## Aim of the exercise
What is needed is every line of the material that contains "configurable".

## Entries supplied
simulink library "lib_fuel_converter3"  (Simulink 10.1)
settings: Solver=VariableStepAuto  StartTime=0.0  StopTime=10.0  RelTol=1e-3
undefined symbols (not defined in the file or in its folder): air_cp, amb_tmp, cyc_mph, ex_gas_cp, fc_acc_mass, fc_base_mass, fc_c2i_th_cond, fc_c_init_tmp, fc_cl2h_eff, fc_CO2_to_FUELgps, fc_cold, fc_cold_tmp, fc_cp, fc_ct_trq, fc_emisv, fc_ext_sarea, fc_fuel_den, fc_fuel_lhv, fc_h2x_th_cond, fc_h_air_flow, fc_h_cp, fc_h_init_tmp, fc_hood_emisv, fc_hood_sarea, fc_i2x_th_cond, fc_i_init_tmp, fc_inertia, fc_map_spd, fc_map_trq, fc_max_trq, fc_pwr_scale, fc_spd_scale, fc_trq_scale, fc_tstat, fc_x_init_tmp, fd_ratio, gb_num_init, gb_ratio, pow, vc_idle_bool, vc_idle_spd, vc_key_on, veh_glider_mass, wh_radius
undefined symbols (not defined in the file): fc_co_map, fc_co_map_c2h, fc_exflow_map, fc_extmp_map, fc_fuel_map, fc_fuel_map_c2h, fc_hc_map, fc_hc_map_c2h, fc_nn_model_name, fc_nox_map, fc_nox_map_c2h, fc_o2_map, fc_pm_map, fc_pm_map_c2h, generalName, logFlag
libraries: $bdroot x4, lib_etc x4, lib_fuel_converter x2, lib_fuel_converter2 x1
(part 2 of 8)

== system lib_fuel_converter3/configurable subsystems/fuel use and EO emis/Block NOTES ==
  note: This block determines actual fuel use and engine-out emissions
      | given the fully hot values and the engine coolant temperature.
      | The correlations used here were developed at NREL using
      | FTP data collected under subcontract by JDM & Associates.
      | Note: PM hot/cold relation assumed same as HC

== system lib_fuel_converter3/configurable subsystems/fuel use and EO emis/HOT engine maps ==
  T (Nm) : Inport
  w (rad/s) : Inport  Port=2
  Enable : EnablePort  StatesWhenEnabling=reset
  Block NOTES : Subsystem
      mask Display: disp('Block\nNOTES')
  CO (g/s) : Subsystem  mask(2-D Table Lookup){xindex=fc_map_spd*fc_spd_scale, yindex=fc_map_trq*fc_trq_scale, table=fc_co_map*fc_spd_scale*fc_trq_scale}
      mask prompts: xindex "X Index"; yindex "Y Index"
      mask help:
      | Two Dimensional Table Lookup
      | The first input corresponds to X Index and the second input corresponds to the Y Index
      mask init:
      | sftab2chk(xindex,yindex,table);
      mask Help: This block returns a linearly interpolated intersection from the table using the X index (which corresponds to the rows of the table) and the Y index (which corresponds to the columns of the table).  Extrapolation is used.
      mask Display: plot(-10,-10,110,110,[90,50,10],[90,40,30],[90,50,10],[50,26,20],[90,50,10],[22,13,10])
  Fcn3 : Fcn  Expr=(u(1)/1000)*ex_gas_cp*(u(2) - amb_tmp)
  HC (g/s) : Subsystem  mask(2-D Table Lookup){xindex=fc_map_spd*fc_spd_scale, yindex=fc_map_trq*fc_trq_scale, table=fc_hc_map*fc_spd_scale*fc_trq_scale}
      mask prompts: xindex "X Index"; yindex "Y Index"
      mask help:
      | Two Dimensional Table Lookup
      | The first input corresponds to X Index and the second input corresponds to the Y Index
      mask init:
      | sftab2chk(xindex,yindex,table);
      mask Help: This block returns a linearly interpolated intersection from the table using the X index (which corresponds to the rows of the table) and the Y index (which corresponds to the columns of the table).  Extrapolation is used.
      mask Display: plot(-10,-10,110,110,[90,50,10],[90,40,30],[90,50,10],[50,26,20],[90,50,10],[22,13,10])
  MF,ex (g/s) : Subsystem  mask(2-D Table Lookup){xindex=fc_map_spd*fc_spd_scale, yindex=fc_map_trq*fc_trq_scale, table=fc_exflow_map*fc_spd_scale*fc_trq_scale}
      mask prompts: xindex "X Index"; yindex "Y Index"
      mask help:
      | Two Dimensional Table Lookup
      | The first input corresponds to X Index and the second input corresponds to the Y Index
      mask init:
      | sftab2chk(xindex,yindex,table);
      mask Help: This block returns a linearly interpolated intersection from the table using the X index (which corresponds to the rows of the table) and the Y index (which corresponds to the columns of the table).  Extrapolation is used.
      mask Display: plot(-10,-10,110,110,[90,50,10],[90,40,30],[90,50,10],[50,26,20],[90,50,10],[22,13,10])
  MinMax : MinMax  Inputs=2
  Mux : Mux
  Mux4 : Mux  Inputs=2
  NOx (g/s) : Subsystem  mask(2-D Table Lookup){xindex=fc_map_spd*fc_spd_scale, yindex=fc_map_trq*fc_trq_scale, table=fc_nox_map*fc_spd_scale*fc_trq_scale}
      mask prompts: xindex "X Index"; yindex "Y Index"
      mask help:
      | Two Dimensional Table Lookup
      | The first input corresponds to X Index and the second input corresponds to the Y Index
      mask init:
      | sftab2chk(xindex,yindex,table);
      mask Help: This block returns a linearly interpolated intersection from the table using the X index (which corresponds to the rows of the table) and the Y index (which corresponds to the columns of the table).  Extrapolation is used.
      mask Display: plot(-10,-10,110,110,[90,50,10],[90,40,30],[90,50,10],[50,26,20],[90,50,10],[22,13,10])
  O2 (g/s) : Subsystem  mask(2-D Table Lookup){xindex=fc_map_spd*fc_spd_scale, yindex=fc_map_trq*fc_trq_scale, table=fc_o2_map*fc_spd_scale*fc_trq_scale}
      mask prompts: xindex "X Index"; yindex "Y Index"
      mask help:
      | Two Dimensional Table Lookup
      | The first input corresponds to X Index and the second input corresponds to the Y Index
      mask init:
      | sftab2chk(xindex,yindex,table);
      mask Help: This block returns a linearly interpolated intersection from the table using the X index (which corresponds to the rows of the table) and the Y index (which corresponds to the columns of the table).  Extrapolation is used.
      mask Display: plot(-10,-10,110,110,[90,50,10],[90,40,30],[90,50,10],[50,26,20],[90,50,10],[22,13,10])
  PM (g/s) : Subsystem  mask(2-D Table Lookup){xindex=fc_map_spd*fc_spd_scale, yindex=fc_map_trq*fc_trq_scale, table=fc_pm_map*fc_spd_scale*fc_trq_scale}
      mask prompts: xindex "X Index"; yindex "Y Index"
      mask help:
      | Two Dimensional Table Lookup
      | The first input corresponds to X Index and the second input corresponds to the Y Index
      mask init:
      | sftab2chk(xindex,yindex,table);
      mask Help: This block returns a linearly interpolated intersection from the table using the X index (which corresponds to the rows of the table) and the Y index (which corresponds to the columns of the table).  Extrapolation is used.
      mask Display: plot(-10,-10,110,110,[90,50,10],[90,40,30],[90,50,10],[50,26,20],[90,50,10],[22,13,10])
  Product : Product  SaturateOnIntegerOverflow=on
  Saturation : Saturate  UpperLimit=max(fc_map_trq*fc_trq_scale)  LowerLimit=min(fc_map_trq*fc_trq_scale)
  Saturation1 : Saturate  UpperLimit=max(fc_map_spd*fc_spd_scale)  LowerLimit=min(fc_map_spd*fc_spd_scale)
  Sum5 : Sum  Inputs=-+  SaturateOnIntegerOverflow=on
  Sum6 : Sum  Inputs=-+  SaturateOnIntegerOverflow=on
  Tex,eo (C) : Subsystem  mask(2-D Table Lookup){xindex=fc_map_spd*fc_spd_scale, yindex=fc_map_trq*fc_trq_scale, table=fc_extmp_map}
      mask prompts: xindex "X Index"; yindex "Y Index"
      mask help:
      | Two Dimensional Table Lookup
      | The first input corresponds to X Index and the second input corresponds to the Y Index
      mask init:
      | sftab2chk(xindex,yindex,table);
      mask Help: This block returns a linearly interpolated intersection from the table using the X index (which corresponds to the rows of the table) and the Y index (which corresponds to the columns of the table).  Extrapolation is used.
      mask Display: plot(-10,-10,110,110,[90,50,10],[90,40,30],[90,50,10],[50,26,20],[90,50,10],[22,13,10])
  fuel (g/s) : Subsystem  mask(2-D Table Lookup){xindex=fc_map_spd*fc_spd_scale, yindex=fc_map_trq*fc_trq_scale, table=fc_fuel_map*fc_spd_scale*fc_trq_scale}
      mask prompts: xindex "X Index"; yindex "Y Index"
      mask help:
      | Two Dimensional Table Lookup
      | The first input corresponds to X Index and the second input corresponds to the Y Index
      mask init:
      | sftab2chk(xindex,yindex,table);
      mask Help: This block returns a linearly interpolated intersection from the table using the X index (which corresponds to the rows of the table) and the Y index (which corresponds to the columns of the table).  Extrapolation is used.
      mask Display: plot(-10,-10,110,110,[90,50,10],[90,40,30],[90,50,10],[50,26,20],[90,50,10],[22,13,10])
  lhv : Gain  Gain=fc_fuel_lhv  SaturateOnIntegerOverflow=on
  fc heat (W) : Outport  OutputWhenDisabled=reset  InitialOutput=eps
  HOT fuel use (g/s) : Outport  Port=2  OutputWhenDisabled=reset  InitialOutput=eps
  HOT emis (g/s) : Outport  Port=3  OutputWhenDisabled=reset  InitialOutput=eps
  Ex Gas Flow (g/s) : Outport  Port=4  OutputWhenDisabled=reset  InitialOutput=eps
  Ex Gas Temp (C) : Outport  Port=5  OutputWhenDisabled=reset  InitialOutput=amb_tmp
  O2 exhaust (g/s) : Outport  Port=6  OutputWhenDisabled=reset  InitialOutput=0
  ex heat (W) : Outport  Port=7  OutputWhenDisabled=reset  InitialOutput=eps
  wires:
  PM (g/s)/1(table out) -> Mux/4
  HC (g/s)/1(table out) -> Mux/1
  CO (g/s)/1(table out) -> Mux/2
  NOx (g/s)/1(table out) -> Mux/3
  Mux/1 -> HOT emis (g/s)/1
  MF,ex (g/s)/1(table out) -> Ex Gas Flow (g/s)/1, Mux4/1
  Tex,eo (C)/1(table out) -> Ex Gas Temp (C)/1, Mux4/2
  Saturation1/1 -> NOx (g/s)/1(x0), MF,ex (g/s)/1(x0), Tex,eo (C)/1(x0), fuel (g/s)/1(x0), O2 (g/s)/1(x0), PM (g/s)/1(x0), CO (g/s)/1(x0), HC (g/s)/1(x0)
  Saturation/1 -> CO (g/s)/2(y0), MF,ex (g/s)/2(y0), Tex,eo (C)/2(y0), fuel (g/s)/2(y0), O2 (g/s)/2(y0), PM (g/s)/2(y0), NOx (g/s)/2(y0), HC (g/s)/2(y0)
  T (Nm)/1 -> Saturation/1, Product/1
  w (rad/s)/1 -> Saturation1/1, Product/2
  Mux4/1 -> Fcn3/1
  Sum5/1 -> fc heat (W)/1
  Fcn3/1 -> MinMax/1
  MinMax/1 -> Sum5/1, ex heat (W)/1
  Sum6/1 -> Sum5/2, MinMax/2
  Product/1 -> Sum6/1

## Exercise response
== system lib_fuel_converter3/configurable subsystems/fuel use and EO emis/Block NOTES ==
== system lib_fuel_converter3/configurable subsystems/fuel use and EO emis/HOT engine maps ==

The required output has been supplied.